And so we can make no mistake. We are not to be passive in sanctification. The Christian life is to be marked by a “continuous, sustained, strenuous effort” (Hendriksen, 120). We are to make diligent use of every God-ordained means of grace that Scripture reveals to us. We are to seek the renewing of our minds as we expose our minds to the Word of God, constantly reading and meditating on the Scripture. Jesus said it plainly in His prayer to the Father in John 17:17: “Sanctify them in the truth; Your word is truth.” We are to seek God’s face in prayer, relishing communion with Him and asking Him to accomplish the work of sanctification in us. We are to expose ourselves to the preaching of the Word and participate in the corporate worship of the Lord in His gathered assembly, in the fellowship of His church; “not forsaking our own assembling together,” Hebrews 10:25, “as is the habit of some, but encouraging one another,” “stimulat[ing] one another to love and good deeds.” And in all these means and more, we appropriate them always by gazing with the eyes of our heart upon the glory of the Lord Jesus Christ that is revealed in the Scripture, in prayer, and in fellowship with the saints, because, as Paul writes in 2 Corinthians 3:18, it is as we behold with unveiled face the glory of the Lord, that we are being transformed into that same image from glory to glory.

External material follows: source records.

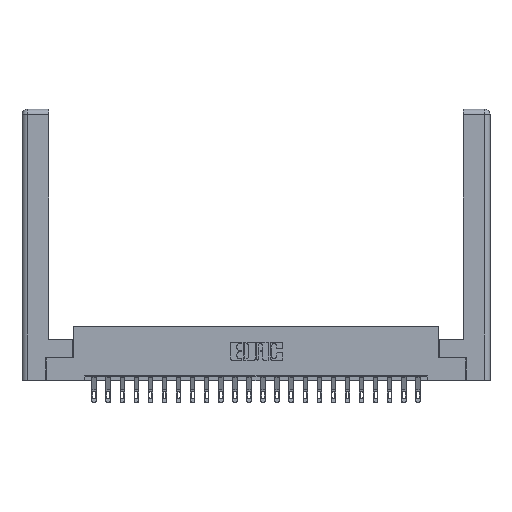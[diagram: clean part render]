
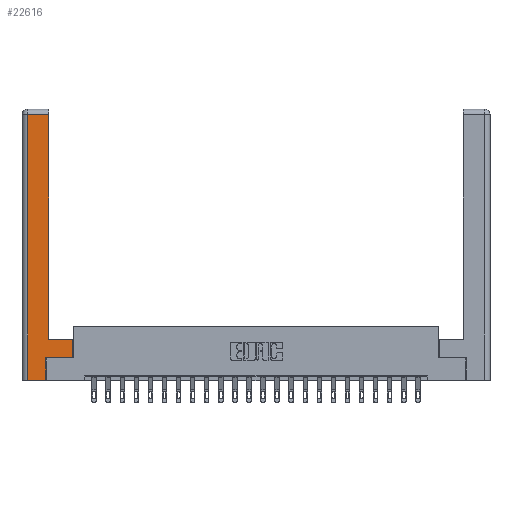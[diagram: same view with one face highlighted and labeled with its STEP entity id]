
A CAD part, top view. The second image highlights one B-rep face of the part: STEP entity #22616.
In plain terms, the highlighted planar face has unit normal (0, 0, 1).
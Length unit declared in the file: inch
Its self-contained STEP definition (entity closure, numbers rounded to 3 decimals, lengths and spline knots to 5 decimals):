
#409 = ORIENTED_EDGE ( 'NONE', *, *, #19966, .T. ) ;
#970 = CARTESIAN_POINT ( 'NONE',  ( 0.265, 0.245, 0. ) ) ;
#1142 = EDGE_CURVE ( 'NONE', #6751, #22484, #9428, .T. ) ;
#1383 = CARTESIAN_POINT ( 'NONE',  ( 0.265, 0., 0. ) ) ;
#1761 = AXIS2_PLACEMENT_3D ( 'NONE', #21412, #23282, #8328 ) ;
#2020 = ORIENTED_EDGE ( 'NONE', *, *, #5210, .T. ) ;
#2157 = VECTOR ( 'NONE', #19951, 39.37008 ) ;
#2160 = LINE ( 'NONE', #1383, #11441 ) ;
#2333 = EDGE_CURVE ( 'NONE', #22599, #12621, #8466, .T. ) ;
#2788 = CARTESIAN_POINT ( 'NONE',  ( 0.565, 0.45, 0. ) ) ;
#3045 = DIRECTION ( 'NONE',  ( -1., 0., 0. ) ) ;
#4263 = DIRECTION ( 'NONE',  ( 0., 1., 0. ) ) ;
#4481 = DIRECTION ( 'NONE',  ( 0., 1., 0. ) ) ;
#4595 = EDGE_CURVE ( 'NONE', #9648, #8726, #2160, .T. ) ;
#4902 = CARTESIAN_POINT ( 'NONE',  ( 0.265, 0., 0. ) ) ;
#5136 = DIRECTION ( 'NONE',  ( 1., 0., 0. ) ) ;
#5210 = EDGE_CURVE ( 'NONE', #12621, #17359, #17389, .T. ) ;
#5523 = CARTESIAN_POINT ( 'NONE',  ( 0.565, 0.245, 0. ) ) ;
#6116 = CARTESIAN_POINT ( 'NONE',  ( 0.295, 3., 0. ) ) ;
#6642 = EDGE_CURVE ( 'NONE', #16086, #9648, #16735, .T. ) ;
#6751 = VERTEX_POINT ( 'NONE', #9350 ) ;
#7262 = CARTESIAN_POINT ( 'NONE',  ( 0.0615, 0., 0. ) ) ;
#7590 = LINE ( 'NONE', #970, #23121 ) ;
#7936 = CARTESIAN_POINT ( 'NONE',  ( 0.565, 0.45, 0. ) ) ;
#8328 = DIRECTION ( 'NONE',  ( -1., 0., 0. ) ) ;
#8466 = LINE ( 'NONE', #11591, #16214 ) ;
#8726 = VERTEX_POINT ( 'NONE', #4902 ) ;
#9350 = CARTESIAN_POINT ( 'NONE',  ( 0.265, 0.245, 0. ) ) ;
#9428 = LINE ( 'NONE', #5523, #2157 ) ;
#9648 = VERTEX_POINT ( 'NONE', #7262 ) ;
#10367 = FACE_OUTER_BOUND ( 'NONE', #11062, .T. ) ;
#10450 = LINE ( 'NONE', #19590, #11630 ) ;
#11062 = EDGE_LOOP ( 'NONE', ( #2020, #409, #22199, #15677, #16069, #17272, #14794, #21844 ) ) ;
#11441 = VECTOR ( 'NONE', #5136, 39.37008 ) ;
#11591 = CARTESIAN_POINT ( 'NONE',  ( 0.295, 0.45, 0. ) ) ;
#11630 = VECTOR ( 'NONE', #3045, 39.37008 ) ;
#11660 = CARTESIAN_POINT ( 'NONE',  ( 0.565, 0.245, 0. ) ) ;
#12621 = VERTEX_POINT ( 'NONE', #13115 ) ;
#13115 = CARTESIAN_POINT ( 'NONE',  ( 0.295, 0.45, 0. ) ) ;
#14794 = ORIENTED_EDGE ( 'NONE', *, *, #16553, .T. ) ;
#15081 = VECTOR ( 'NONE', #21715, 39.37008 ) ;
#15315 = EDGE_CURVE ( 'NONE', #8726, #6751, #7590, .T. ) ;
#15677 = ORIENTED_EDGE ( 'NONE', *, *, #4595, .T. ) ;
#16069 = ORIENTED_EDGE ( 'NONE', *, *, #15315, .T. ) ;
#16086 = VERTEX_POINT ( 'NONE', #21680 ) ;
#16214 = VECTOR ( 'NONE', #16861, 39.37008 ) ;
#16553 = EDGE_CURVE ( 'NONE', #22484, #22599, #18936, .T. ) ;
#16735 = LINE ( 'NONE', #18167, #15081 ) ;
#16861 = DIRECTION ( 'NONE',  ( -1., 0., 0. ) ) ;
#17272 = ORIENTED_EDGE ( 'NONE', *, *, #1142, .T. ) ;
#17359 = VERTEX_POINT ( 'NONE', #19622 ) ;
#17389 = LINE ( 'NONE', #6116, #20561 ) ;
#18167 = CARTESIAN_POINT ( 'NONE',  ( 0.0615, 0., 0. ) ) ;
#18936 = LINE ( 'NONE', #7936, #20093 ) ;
#19576 = PLANE ( 'NONE',  #1761 ) ;
#19590 = CARTESIAN_POINT ( 'NONE',  ( 0.0615, 2.94, 0. ) ) ;
#19622 = CARTESIAN_POINT ( 'NONE',  ( 0.295, 2.94, 0. ) ) ;
#19951 = DIRECTION ( 'NONE',  ( 1., 0., 0. ) ) ;
#19966 = EDGE_CURVE ( 'NONE', #17359, #16086, #10450, .T. ) ;
#20093 = VECTOR ( 'NONE', #4263, 39.37008 ) ;
#20561 = VECTOR ( 'NONE', #4481, 39.37008 ) ;
#21071 = DIRECTION ( 'NONE',  ( 0., 1., 0. ) ) ;
#21412 = CARTESIAN_POINT ( 'NONE',  ( 0., 0., 0. ) ) ;
#21680 = CARTESIAN_POINT ( 'NONE',  ( 0.0615, 2.94, 0. ) ) ;
#21715 = DIRECTION ( 'NONE',  ( 0., -1., 0. ) ) ;
#21844 = ORIENTED_EDGE ( 'NONE', *, *, #2333, .T. ) ;
#22199 = ORIENTED_EDGE ( 'NONE', *, *, #6642, .T. ) ;
#22484 = VERTEX_POINT ( 'NONE', #11660 ) ;
#22599 = VERTEX_POINT ( 'NONE', #2788 ) ;
#22616 = ADVANCED_FACE ( 'NONE', ( #10367 ), #19576, .F. ) ;
#23121 = VECTOR ( 'NONE', #21071, 39.37008 ) ;
#23282 = DIRECTION ( 'NONE',  ( 0., 0., -1. ) ) ;
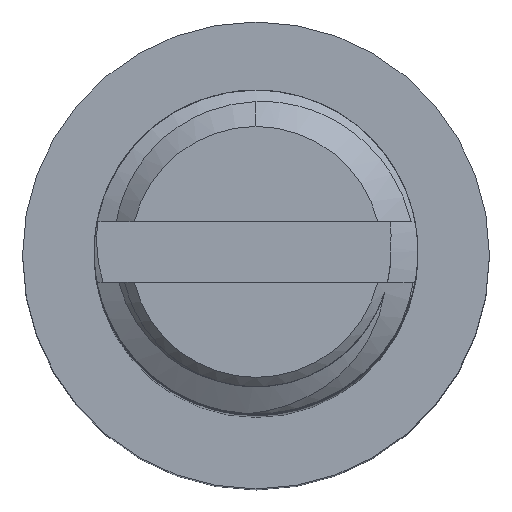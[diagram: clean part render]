
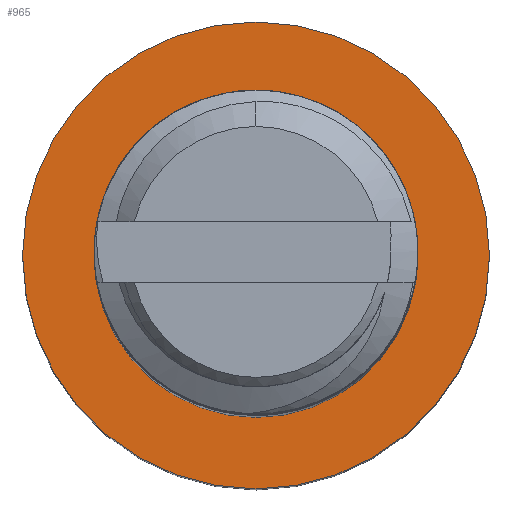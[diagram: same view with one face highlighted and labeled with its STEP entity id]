
A CAD part, top view. The second image highlights one B-rep face of the part: STEP entity #965.
In plain terms, the highlighted planar face has unit normal (0, 0, 1).
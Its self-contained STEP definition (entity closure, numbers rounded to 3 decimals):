
#155 = EDGE_CURVE ( 'NONE', #8737, #4906, #6477, .T. ) ;
#169 = ORIENTED_EDGE ( 'NONE', *, *, #5613, .F. ) ;
#965 = ADVANCED_FACE ( 'NONE', ( #6324, #4373 ), #6561, .T. ) ;
#1108 = CARTESIAN_POINT ( 'NONE',  ( 0., -2.705, -33.528 ) ) ;
#1222 = DIRECTION ( 'NONE',  ( 0., 0., 1. ) ) ;
#1231 = CIRCLE ( 'NONE', #2473, 2.705 ) ;
#1391 = CARTESIAN_POINT ( 'NONE',  ( 0., 0., -33.528 ) ) ;
#1468 = AXIS2_PLACEMENT_3D ( 'NONE', #5819, #2209, #7310 ) ;
#1597 = EDGE_LOOP ( 'NONE', ( #7868, #169 ) ) ;
#2125 = DIRECTION ( 'NONE',  ( 0., 1., 0. ) ) ;
#2209 = DIRECTION ( 'NONE',  ( 0., 0., 1. ) ) ;
#2473 = AXIS2_PLACEMENT_3D ( 'NONE', #7916, #3581, #8627 ) ;
#2607 = CARTESIAN_POINT ( 'NONE',  ( 0., 2.705, -33.528 ) ) ;
#2997 = CIRCLE ( 'NONE', #9325, 3.899 ) ;
#3255 = CARTESIAN_POINT ( 'NONE',  ( 0., 0., -33.528 ) ) ;
#3311 = EDGE_CURVE ( 'NONE', #4906, #8737, #2997, .T. ) ;
#3410 = EDGE_CURVE ( 'NONE', #5366, #4224, #8098, .T. ) ;
#3581 = DIRECTION ( 'NONE',  ( 0., 0., 1. ) ) ;
#4224 = VERTEX_POINT ( 'NONE', #1108 ) ;
#4373 = FACE_BOUND ( 'NONE', #1597, .T. ) ;
#4778 = DIRECTION ( 'NONE',  ( 0., 0., 1. ) ) ;
#4906 = VERTEX_POINT ( 'NONE', #6843 ) ;
#5013 = AXIS2_PLACEMENT_3D ( 'NONE', #3255, #4778, #6480 ) ;
#5366 = VERTEX_POINT ( 'NONE', #2607 ) ;
#5452 = AXIS2_PLACEMENT_3D ( 'NONE', #1391, #6485, #2125 ) ;
#5577 = CARTESIAN_POINT ( 'NONE',  ( 0., 0., -33.528 ) ) ;
#5613 = EDGE_CURVE ( 'NONE', #4224, #5366, #1231, .T. ) ;
#5819 = CARTESIAN_POINT ( 'NONE',  ( 0., 2.705, -33.528 ) ) ;
#6087 = CARTESIAN_POINT ( 'NONE',  ( 0., -3.899, -33.528 ) ) ;
#6318 = DIRECTION ( 'NONE',  ( 0., 1., 0. ) ) ;
#6324 = FACE_OUTER_BOUND ( 'NONE', #7804, .T. ) ;
#6477 = CIRCLE ( 'NONE', #5013, 3.899 ) ;
#6480 = DIRECTION ( 'NONE',  ( 0., 1., 0. ) ) ;
#6485 = DIRECTION ( 'NONE',  ( 0., 0., 1. ) ) ;
#6561 = PLANE ( 'NONE',  #1468 ) ;
#6843 = CARTESIAN_POINT ( 'NONE',  ( 0., 3.899, -33.528 ) ) ;
#7310 = DIRECTION ( 'NONE',  ( 0., -1., 0. ) ) ;
#7804 = EDGE_LOOP ( 'NONE', ( #8370, #8563 ) ) ;
#7868 = ORIENTED_EDGE ( 'NONE', *, *, #3410, .F. ) ;
#7916 = CARTESIAN_POINT ( 'NONE',  ( 0., 0., -33.528 ) ) ;
#8098 = CIRCLE ( 'NONE', #5452, 2.705 ) ;
#8370 = ORIENTED_EDGE ( 'NONE', *, *, #3311, .T. ) ;
#8563 = ORIENTED_EDGE ( 'NONE', *, *, #155, .T. ) ;
#8627 = DIRECTION ( 'NONE',  ( 0., 1., 0. ) ) ;
#8737 = VERTEX_POINT ( 'NONE', #6087 ) ;
#9325 = AXIS2_PLACEMENT_3D ( 'NONE', #5577, #1222, #6318 ) ;

V. Energized by Divine Power (v. 13a)
There’s a fifth key truth about sanctification that this text teaches us, and we’ve mentioned it a couple of times already. While we just learned that sanctification is pursued by diligent effort, we must be careful to note that that diligent effort is, number five: energized by divine power. “Work out your salvation with fear and trembling; for it is God who is at work in you, both to will and to work for His good pleasure.” Literally: “The one who is continually working in you is God.”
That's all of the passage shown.